The demand for KN95 respirators for protection from viral pathogens has risen significantly in the past year. This is a result of the spread of the Covid-19 virus.
However, in addition to the Covid-19 virus, KN95 masks are capable of resisting penetration by other harmful pathogens. These include viruses such as avian influenza, Ebola and severe acute respiratory syndrome (SARS).
Limitations Of KN95 Masks
As stated above, KN95 masks meeting the GB2626-2006 standard will filter 95 percent of non oil particles of size 0.3 microns or larger. However, these masks are not suitable for:
Use in environments containing oil particles such as cutting fluids, lubricants or glycerine;
Firefighting or other activities in which the atmosphere may be oxygen deficient;
Use in environments where hazardous gases or vapours may be present (since KN95s protect against particulate matter and not against vapours).

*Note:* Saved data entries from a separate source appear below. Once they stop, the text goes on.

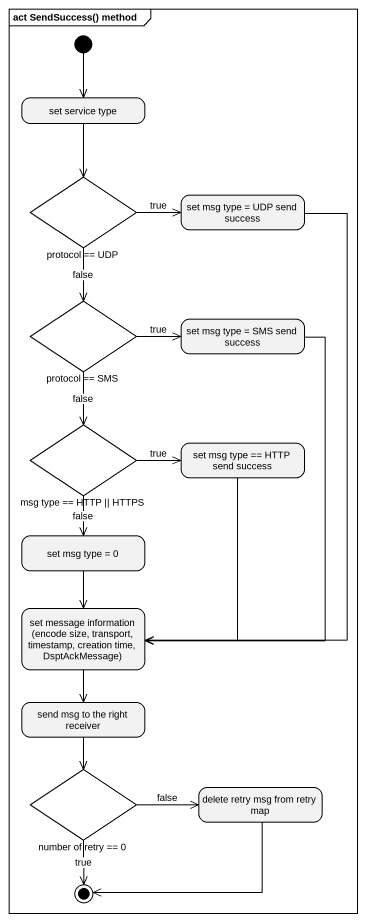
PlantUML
@startuml
mainframe act SendSuccess() method
hide empty description
state "set service type" as set_service_type
state "protocol == UDP" as protocol_UDP <<choice>>
state "set msg type = UDP send success" as set_msg_type_UDP_send
state "protocol == SMS" as protocol_SMS <<choice>>
state "set msg type = SMS send success" as set_msg_type_SMS_send
state "msg type == HTTP || HTTPS" as msg_type_HTTP_HTTPS <<choice>>
state "set msg type == HTTP send success" as set_msg_type_HTTP_send
state "set msg type = 0" as set_msg_type_0
state "set message information (encode size, transport, timestamp, creation time, DsptAckMessage)" as set_message_information
state "send msg to the right receiver" as send_msg_to_the_right
state "number of retry == 0" as number_of_retry_0 <<choice>>
state "delete retry msg from retry map" as delete_retry_msg_from_retry
[*] --> set_service_type
set_service_type --> protocol_UDP
protocol_UDP -right-> set_msg_type_UDP_send : true
protocol_UDP --> protocol_SMS : false
set_msg_type_UDP_send --> set_message_information
protocol_SMS -right-> set_msg_type_SMS_send : true
protocol_SMS --> msg_type_HTTP_HTTPS : false
set_msg_type_SMS_send --> set_message_information
msg_type_HTTP_HTTPS -right-> set_msg_type_HTTP_send : true
msg_type_HTTP_HTTPS --> set_msg_type_0 : false
set_msg_type_HTTP_send --> set_message_information
set_msg_type_0 --> set_message_information
set_message_information --> send_msg_to_the_right
send_msg_to_the_right --> number_of_retry_0
number_of_retry_0 -right-> delete_retry_msg_from_retry : false
number_of_retry_0 --> [*] : true
delete_retry_msg_from_retry -left-> [*]
@enduml

Guidelines issued by the US Centers for Disease Control and Prevention indicate that N95 respirators should ideally not be reused in environments with a high risk of contamination by viral or bacterial particles. This restriction is also applicable to KN95 masks as well as other N95 equivalent face coverings.
Even if they are not being used in environments with a high risk of contamination, users should not reuse KN95s indefinitely.
Instead, they should replace the masks within a specific period of time such as after 3-4 weeks of daily use. They should also be immediately replaced if they become wet or are soiled by any other foreign substances.
Finally, due to the risk of blood penetration, non medical KN95 masks should not be used in surgical or other environments in which the wearer may be exposed to spraying of blood or other bodily fluids.